This project is a proof-of-concept middleware designed to reduce the token cost of long conversations with large language models (LLMs) by converting extensive message histories into a single image.
For a detailed walkthrough and explanation of this project, check out the Medium article: Cutting LLM Costs by Converting Long Text into Images
When interacting with LLMs like GPT-4, the entire conversation history is typically sent with each new request. As the conversation grows, so does the number of tokens, leading to significantly higher API costs. A conversation with thousands of words can quickly become expensive to maintain.
This project introduces a Flask-based proxy server that acts as a middleware between your application and the LLM API (e.g., OpenAI). The middleware monitors the conversation's word count. When the count exceeds a predefined threshold (currently 750 words), it performs the following steps:
- Image Conversion: The entire conversation history is rendered as a text-based image.
- Payload Reconstruction: The original message history is replaced with a new payload suitable for a vision-capable model (like GPT-4o). This new payload contains:
- The generated image of the conversation history.
- A final prompt instructing the model to use the image as context to answer the user's latest message.
- Cost Savings: By representing thousands of words as a single image, we drastically reduce the number of tokens sent, leading to significant cost savings on long conversations.
The project consists of two main components:
- A Flask application that listens for requests on a local port.
- It intercepts requests, calculates the word count of the messages payload.
- If the word count is over 750, it uses the TextToImageOptimizer class to generate a PNG image from the text.
- It then forwards a modified request to the target API with the image and the final user prompt.
- If the word count is below the threshold, it simply forwards the request as is.
- A simple command-line interface for interacting with the proxy server.
- It maintains a local message history and allows you to chat in a loop.
- After each message, it prints the total word count of the conversation, so you can see when the image conversion will be triggered.
Install the required Python libraries using the requirements file:
pip install -r requirements.txtYou may also need to install a font for the image generation. The script tries to find a suitable font, but if not available, it uses a default PIL font which may not be ideal. On Debian/Ubuntu, you can install fonts with:
sudo apt-get install fonts-dejavuWhen using the client or sending direct requests, ensure you provide your API key. For the client script, open the request script and set the API_KEY variable.
Start the middleware by running the server script:
python server.pyYou will see a message indicating that the server is running on port 8000.

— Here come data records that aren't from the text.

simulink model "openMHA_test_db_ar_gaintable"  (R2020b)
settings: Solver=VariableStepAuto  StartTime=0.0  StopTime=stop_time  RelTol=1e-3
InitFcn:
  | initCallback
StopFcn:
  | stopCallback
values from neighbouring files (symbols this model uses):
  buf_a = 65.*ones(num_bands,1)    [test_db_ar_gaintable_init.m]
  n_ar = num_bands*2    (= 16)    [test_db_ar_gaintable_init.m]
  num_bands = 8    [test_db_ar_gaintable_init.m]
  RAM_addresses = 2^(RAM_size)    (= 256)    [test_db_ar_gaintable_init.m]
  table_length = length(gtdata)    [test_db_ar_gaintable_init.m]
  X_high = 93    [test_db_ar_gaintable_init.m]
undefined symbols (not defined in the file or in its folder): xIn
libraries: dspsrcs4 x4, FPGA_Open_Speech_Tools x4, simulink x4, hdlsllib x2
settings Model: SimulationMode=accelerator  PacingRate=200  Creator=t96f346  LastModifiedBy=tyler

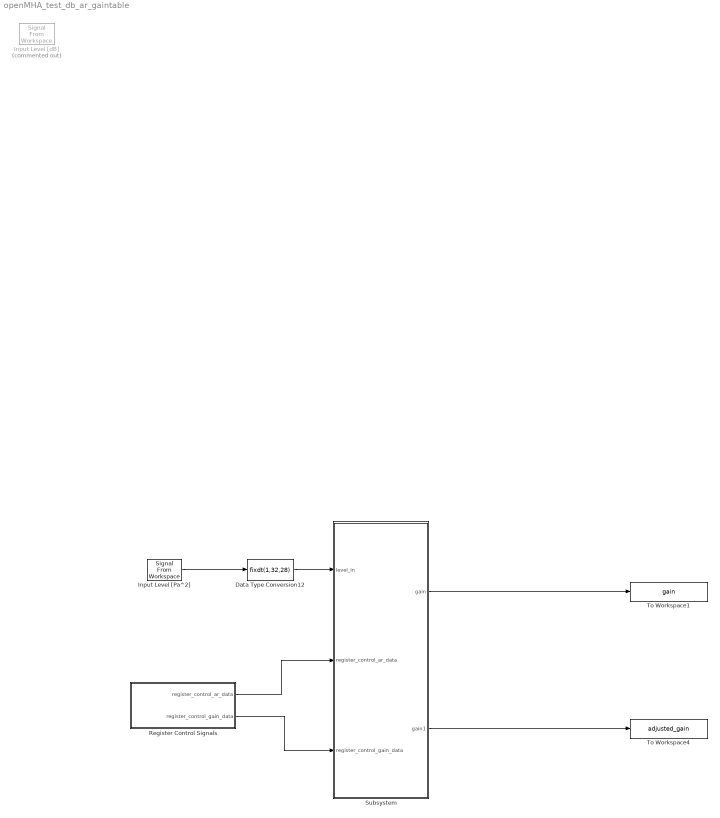
== system openMHA_test_db_ar_gaintable ==
  Data Type Conversion12 : DataTypeConversion  OutDataTypeStr=fixdt(1,32,28)
  Input Level [Pa^2] : dspsrcs4/Signal From Workspace  X=level_in  Ts=1  nsamps=1  OutputAfterFinalValue=Setting to zero  ignoreOrWarnInputAndFrameLengths=off  OutputFrames=off
  Input Level [dB] : dspsrcs4/Signal From Workspace  Commented=on  X=Lst  Ts=1  nsamps=1  OutputAfterFinalValue=Setting to zero  ignoreOrWarnInputAndFrameLengths=off  OutputFrames=off
  Register Control Signals : Subsystem
  Subsystem : Subsystem
  To Workspace1 : ToWorkspace  VariableName=gain  SampleTime=-1
      settings: Save2DSignal=2-D array (concatenate along first dimension)
  To Workspace4 : ToWorkspace  VariableName=adjusted_gain  SampleTime=-1
      settings: Save2DSignal=2-D array (concatenate along first dimension)
  wires:
  Input Level [Pa^2]/1 -> Data Type Conversion12/1
  Data Type Conversion12/1 -> Subsystem/1(level_in)
  Subsystem/1(gain) -> To Workspace1/1
  Subsystem/2(gain1) -> To Workspace4/1
  Register Control Signals/1("register_control_ar_data ") -> Subsystem/2(register_control_ar_data)
  Register Control Signals/2(register_control_gain_data) -> Subsystem/3(register_control_gain_data)

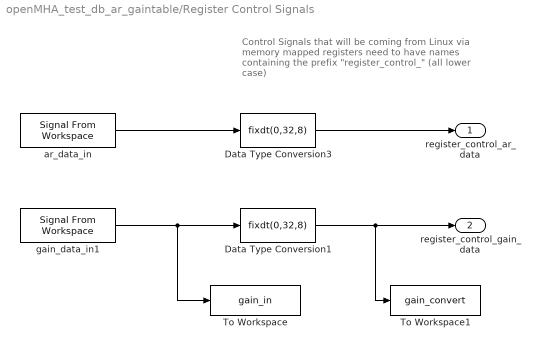
== system openMHA_test_db_ar_gaintable/Register Control Signals ==
  note: Control Signals that will be coming from Linux via
      | memory mapped registers need to have names
      | containing the prefix "register_control_"
      | (all lower case)
  Data Type Conversion1 : DataTypeConversion  OutDataTypeStr=fixdt(0,32,8)
  Data Type Conversion3 : DataTypeConversion  OutDataTypeStr=fixdt(0,32,8)
  To Workspace : ToWorkspace  VariableName=gain_in  SaveFormat=Timeseries  SampleTime=-1
  To Workspace1 : ToWorkspace  VariableName=gain_convert  SaveFormat=Timeseries  SampleTime=-1
  ar_data_in : dspsrcs4/Signal From Workspace  X=ar_data_in  Ts=1  nsamps=1  OutputAfterFinalValue=Setting to zero  ignoreOrWarnInputAndFrameLengths=off  OutputFrames=off
  gain_data_in1 : dspsrcs4/Signal From Workspace  X=gain_data_in  Ts=1  nsamps=1  OutputAfterFinalValue=Setting to zero  ignoreOrWarnInputAndFrameLengths=off  OutputFrames=off
  "register_control_ar_data " : Outport  VectorParamsAs1DForOutWhenUnconnected=off
  register_control_gain_data : Outport  Port=2  VectorParamsAs1DForOutWhenUnconnected=off
  wires:
  Data Type Conversion3/1 -> "register_control_ar_data "/1
  Data Type Conversion1/1 -> To Workspace1/1, register_control_gain_data/1
  ar_data_in/1 -> Data Type Conversion3/1
  gain_data_in1/1 -> To Workspace/1, Data Type Conversion1/1

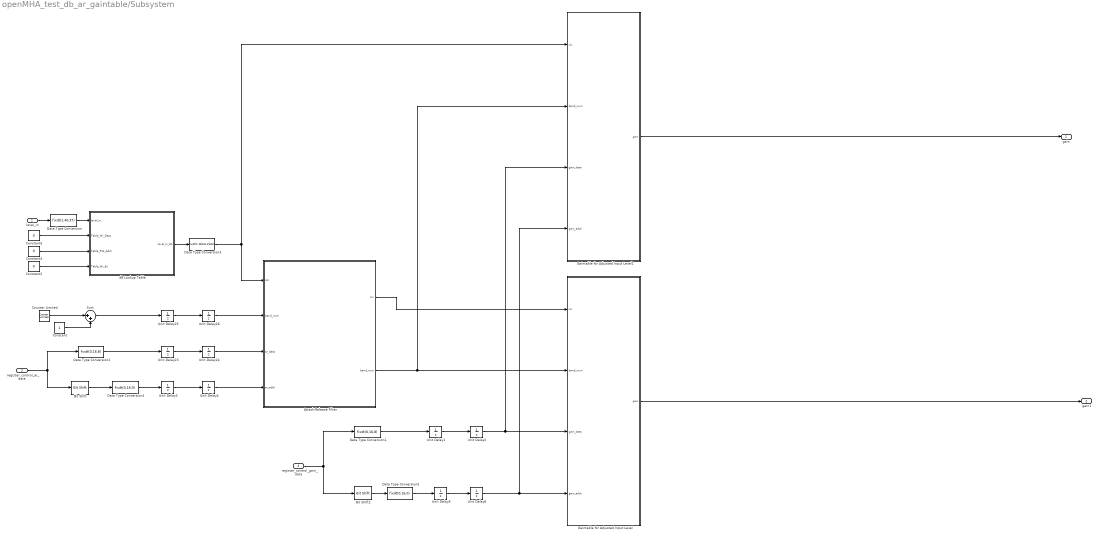
== system openMHA_test_db_ar_gaintable/Subsystem ==
  level_in : Inport
  register_control_ar_data : Inport  Port=2
  register_control_gain_data : Inport  Port=3
  Attack-Release Filter : Subsystem
  Bit Shift : hdlsllib/Logic and Bit Operations/Bit Shift  mode=Shift Right Logical  N=8
  Bit Shift1 : hdlsllib/Logic and Bit Operations/Bit Shift  mode=Shift Right Logical  N=8
  Constant : Constant
  Constant2 : Constant  Value=0  OutDataTypeStr=boolean  SampleTime=-1
  Constant4 : Constant  Value=0  OutDataTypeStr=uint16  SampleTime=-1
  Constant5 : Constant  Value=0  OutDataTypeStr=fixdt(1,40,32)  SampleTime=-1
  Counter Limited : simulink/Sources/Counter Limited  uplimit=num_bands-1  tsamp=-1
  Data Type Conversion : DataTypeConversion  OutDataTypeStr=fixdt(1,40,37)
  Data Type Conversion1 : DataTypeConversion  OutDataTypeStr=fixdt(0,16,8)
  Data Type Conversion2 : DataTypeConversion  OutDataTypeStr=fixdt(0,16,8)
  Data Type Conversion3 : DataTypeConversion  OutDataTypeStr=fixdt(1,Wbits,Fbits)
  Data Type Conversion4 : DataTypeConversion  OutDataTypeStr=fixdt(0,16,0)
  Data Type Conversion5 : DataTypeConversion  OutDataTypeStr=fixdt(0,16,0)
  Gaintable for Adjusted Input Level : Subsystem
  Gaintable for Adjusted Input Level1 : Subsystem
  Sum : Sum  Inputs=|++
  Unit Delay{1..6,23..26} (10 alike) : UnitDelay  SampleTime=-1  HasFrameUpgradeWarning=on
  dB Lookup Table : Subsystem
  gain : Outport
  gain1 : Outport  Port=2
  wires:
  Unit Delay24/1 -> Attack-Release Filter/3(ar_data)
  Data Type Conversion3/1 -> Attack-Release Filter/1(Lst), Gaintable for Adjusted Input Level1/1(Lin)
  Unit Delay26/1 -> Attack-Release Filter/2(band_num)
  Attack-Release Filter/1(Lin) -> Gaintable for Adjusted Input Level/1(Lin)
  Attack-Release Filter/2("band_num ") -> Gaintable for Adjusted Input Level1/2(band_num), Gaintable for Adjusted Input Level/2(band_num)
  Constant2/1 -> dB Lookup Table/4(Table_Wr_En)
  dB Lookup Table/1(level_in_db) -> Data Type Conversion3/1
  Data Type Conversion2/1 -> Unit Delay23/1
  Sum/1 -> Unit Delay25/1
  Unit Delay25/1 -> Unit Delay26/1
  Unit Delay23/1 -> Unit Delay24/1
  Gaintable for Adjusted Input Level1/1(gain) -> gain/1
  Constant5/1 -> dB Lookup Table/2(Table_Wr_Data)
  Gaintable for Adjusted Input Level/1(gain) -> gain1/1
  Constant4/1 -> dB Lookup Table/3(Table_RW_Addr)
  level_in/1 -> Data Type Conversion/1
  Data Type Conversion/1 -> dB Lookup Table/1(level_in)
  Counter Limited/1 -> Sum/1
  Constant/1 -> Sum/2
  register_control_ar_data/1 -> Data Type Conversion2/1, Bit Shift/1
  Unit Delay1/1 -> Unit Delay2/1
  Data Type Conversion1/1 -> Unit Delay1/1
  register_control_gain_data/1 -> Data Type Conversion1/1, Bit Shift1/1
  Unit Delay2/1 -> Gaintable for Adjusted Input Level1/3(gain_data), Gaintable for Adjusted Input Level/3(gain_data)
  Unit Delay3/1 -> Unit Delay4/1
  Unit Delay4/1 -> Attack-Release Filter/4(ar_addr)
  Unit Delay5/1 -> Unit Delay6/1
  Unit Delay6/1 -> Gaintable for Adjusted Input Level1/4(gain_addr), Gaintable for Adjusted Input Level/4(gain_addr)
  Bit Shift/1 -> Data Type Conversion4/1
  Data Type Conversion4/1 -> Unit Delay3/1
  Bit Shift1/1 -> Data Type Conversion5/1
  Data Type Conversion5/1 -> Unit Delay5/1

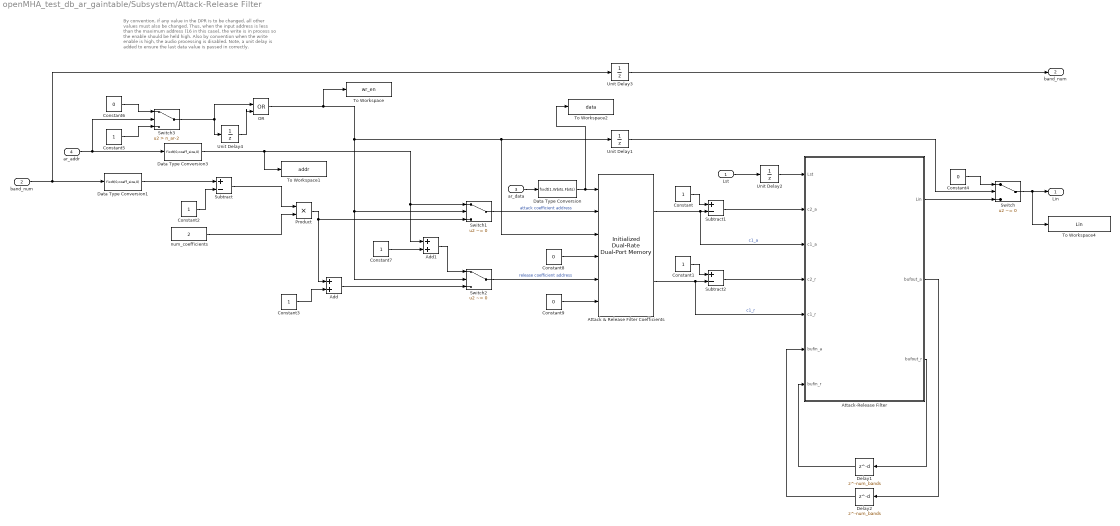
== system openMHA_test_db_ar_gaintable/Subsystem/Attack-Release Filter ==
  note: By convention, if any value in the DPR is to be changed, all other
      | values must also be changed.  Thus, when the input address is
      | less than the maximum address (16 in this case), the write is in
      | process so the enable should be held high.  Also by convention
      | when the write enable is high, the audio processing is disabled.
      | Note, a unit delay is added to ensure the last data value is passed
      | in correctly.
  Lst : Inport
  band_num : Inport  Port=2
  ar_data : Inport  Port=3
  ar_addr : Inport  Port=4
  Add : Sum
  Add1 : Sum
  Attack & Release Filter Coefficients : FPGA_Open_Speech_Tools/Initialized Dual-Rate Dual-Port Memory  ram_size=coeff_size  Table_Init=ar_coeffs
      settings: SourceProductName=FPGA Open Speech Tools
  Attack-Release Filter : Subsystem
  Constant : Constant  OutDataTypeStr=fixdt(1,Wbits,Fbits)  SampleTime=-1
  Constant1 : Constant  OutDataTypeStr=fixdt(1,Wbits,Fbits)  SampleTime=-1
  Constant2 : Constant  OutDataTypeStr=fixdt(0,coeff_size,0)  SampleTime=-1
  Constant3 : Constant  OutDataTypeStr=fixdt(0,coeff_size,0)  SampleTime=-1
  Constant4 : Constant  Value=0  OutDataTypeStr=fixdt(1,Wbits,Fbits)  SampleTime=-1
  Constant5 : Constant  OutDataTypeStr=boolean  SampleTime=-1
  Constant6 : Constant  Value=0  OutDataTypeStr=boolean  SampleTime=-1
  Constant7 : Constant  OutDataTypeStr=fixdt(0,coeff_size,0)  SampleTime=-1
  Constant8 : Constant  Value=0  OutDataTypeStr=fixdt(1,Wbits,Fbits)  SampleTime=-1
  Constant9 : Constant  Value=0  OutDataTypeStr=boolean  SampleTime=-1
  Data Type Conversion : DataTypeConversion  OutDataTypeStr=fixdt(1,Wbits,Fbits)
  Data Type Conversion1 : DataTypeConversion  OutDataTypeStr=fixdt(0,coeff_size,0)
  Data Type Conversion3 : DataTypeConversion  OutDataTypeStr=fixdt(0,coeff_size,0)
  Delay1 : Delay  DelayLength=num_bands  InitialCondition=buf_a  UseCircularBuffer=on
  Delay2 : Delay  DelayLength=num_bands  InitialCondition=buf_a  UseCircularBuffer=on
  OR : Logic  Operator=OR  IconShape=distinctive  AllPortsSameDT=off  OutDataTypeStr=boolean
  Product : Product  OutDataTypeStr=fixdt(0,coeff_size,0)
  Subtract : Sum  Inputs=+-  OutDataTypeStr=fixdt(0,coeff_size,0)
  Subtract1 : Sum  Inputs=+-  OutDataTypeStr=fixdt(1,Wbits,Fbits)
  Subtract2 : Sum  Inputs=+-  OutDataTypeStr=fixdt(1,Wbits,Fbits)
  Switch : Switch  Criteria=u2 ~= 0  OutDataTypeStr=fixdt(1,Wbits,Fbits)
  Switch1 : Switch  Criteria=u2 ~= 0  OutDataTypeStr=Inherit: Inherit via back propagation
  Switch2 : Switch  Criteria=u2 ~= 0  OutDataTypeStr=uint8
  Switch3 : Switch  Criteria=u2 > Threshold  Threshold=n_ar-2  OutDataTypeStr=boolean
  To Workspace : ToWorkspace  VariableName=wr_en  SaveFormat=Timeseries  SampleTime=-1
  To Workspace1 : ToWorkspace  VariableName=addr  SaveFormat=Timeseries  SampleTime=-1
  To Workspace2 : ToWorkspace  VariableName=data  SaveFormat=Timeseries  SampleTime=-1
  To Workspace4 : ToWorkspace  VariableName=Lin  SampleTime=-1
      settings: Save2DSignal=2-D array (concatenate along first dimension)
  Unit Delay1 : UnitDelay  SampleTime=-1  HasFrameUpgradeWarning=on
  Unit Delay2 : UnitDelay  InitialCondition=65  SampleTime=-1  HasFrameUpgradeWarning=on
  Unit Delay3 : UnitDelay  SampleTime=-1  HasFrameUpgradeWarning=on
  Unit Delay4 : UnitDelay  SampleTime=-1  HasFrameUpgradeWarning=on
  num_coefficients : Constant  Value=2  OutDataTypeStr=uint8  SampleTime=-1
  Lin : Outport
  "band_num " : Outport  Port=2
  wires:
  Delay2/1 -> Attack-Release Filter/6(bufin_a)
  Switch1/1 -> Attack & Release Filter Coefficients/2  "attack coefficient address"
  Switch2/1 -> Attack & Release Filter Coefficients/5  "release coefficient address"
  Constant8/1 -> Attack & Release Filter Coefficients/4
  Attack-Release Filter/3(bufout_r) -> Delay1/1
  Unit Delay2/1 -> Attack-Release Filter/1(Lst)
  Unit Delay1/1 -> Switch/2
  Lst/1 -> Unit Delay2/1
  Constant1/1 -> Subtract2/1
  Constant/1 -> Subtract1/1
  Switch/1 -> To Workspace4/1, Lin/1
  Attack-Release Filter/1(Lin) -> Switch/3
  Attack-Release Filter/2(bufout_a) -> Delay2/1
  OR/1 -> To Workspace/1, Unit Delay1/1, Attack & Release Filter Coefficients/3, Switch1/2, Switch2/2
  band_num/1 -> Unit Delay3/1, Data Type Conversion1/1
  Constant4/1 -> Switch/1
  Constant7/1 -> Add1/2
  Product/1 -> Switch1/3, Add/1
  Delay1/1 -> Attack-Release Filter/7(bufin_r)
  Constant3/1 -> Add/2
  Subtract2/1 -> Attack-Release Filter/4(c2_r)
  Data Type Conversion1/1 -> Subtract/1
  Subtract1/1 -> Attack-Release Filter/2(c2_a)
  Data Type Conversion3/1 -> To Workspace1/1, Add1/1, Switch1/1
  Subtract/1 -> Product/1
  num_coefficients/1 -> Product/2
  Attack & Release Filter Coefficients/2 -> Attack-Release Filter/5(c1_r), Subtract2/2  "c1_r"
  Constant2/1 -> Subtract/2
  Add/1 -> Switch2/3
  Attack & Release Filter Coefficients/1 -> Attack-Release Filter/3(c1_a), Subtract1/2  "c1_a"
  Unit Delay3/1 -> "band_num "/1
  Switch3/1 -> OR/1, Unit Delay4/1
  ar_addr/1 -> Data Type Conversion3/1, Switch3/2
  Unit Delay4/1 -> OR/2
  Constant5/1 -> Switch3/3
  Constant6/1 -> Switch3/1
  ar_data/1 -> Data Type Conversion/1
  Data Type Conversion/1 -> To Workspace2/1, Attack & Release Filter Coefficients/1
  Constant9/1 -> Attack & Release Filter Coefficients/6
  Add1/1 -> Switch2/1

In a separate terminal, run the interactive client to chat:
python request.pyYou can also interact with the proxy server directly from your own application or using tools like curl.
Send a POST request to the proxy's endpoint.
- Content-Type: application/json
- Authorization: Bearer YOUR_API_KEY (Your actual API key)
- X-Target-Url: The URL of the target LLM API
The JSON payload should follow the standard structure of the target API. For OpenAI-compatible APIs, this includes:
- model: The name of the model you want to use.
- messages: A list of message objects, each with a role (system, user, or assistant) and content.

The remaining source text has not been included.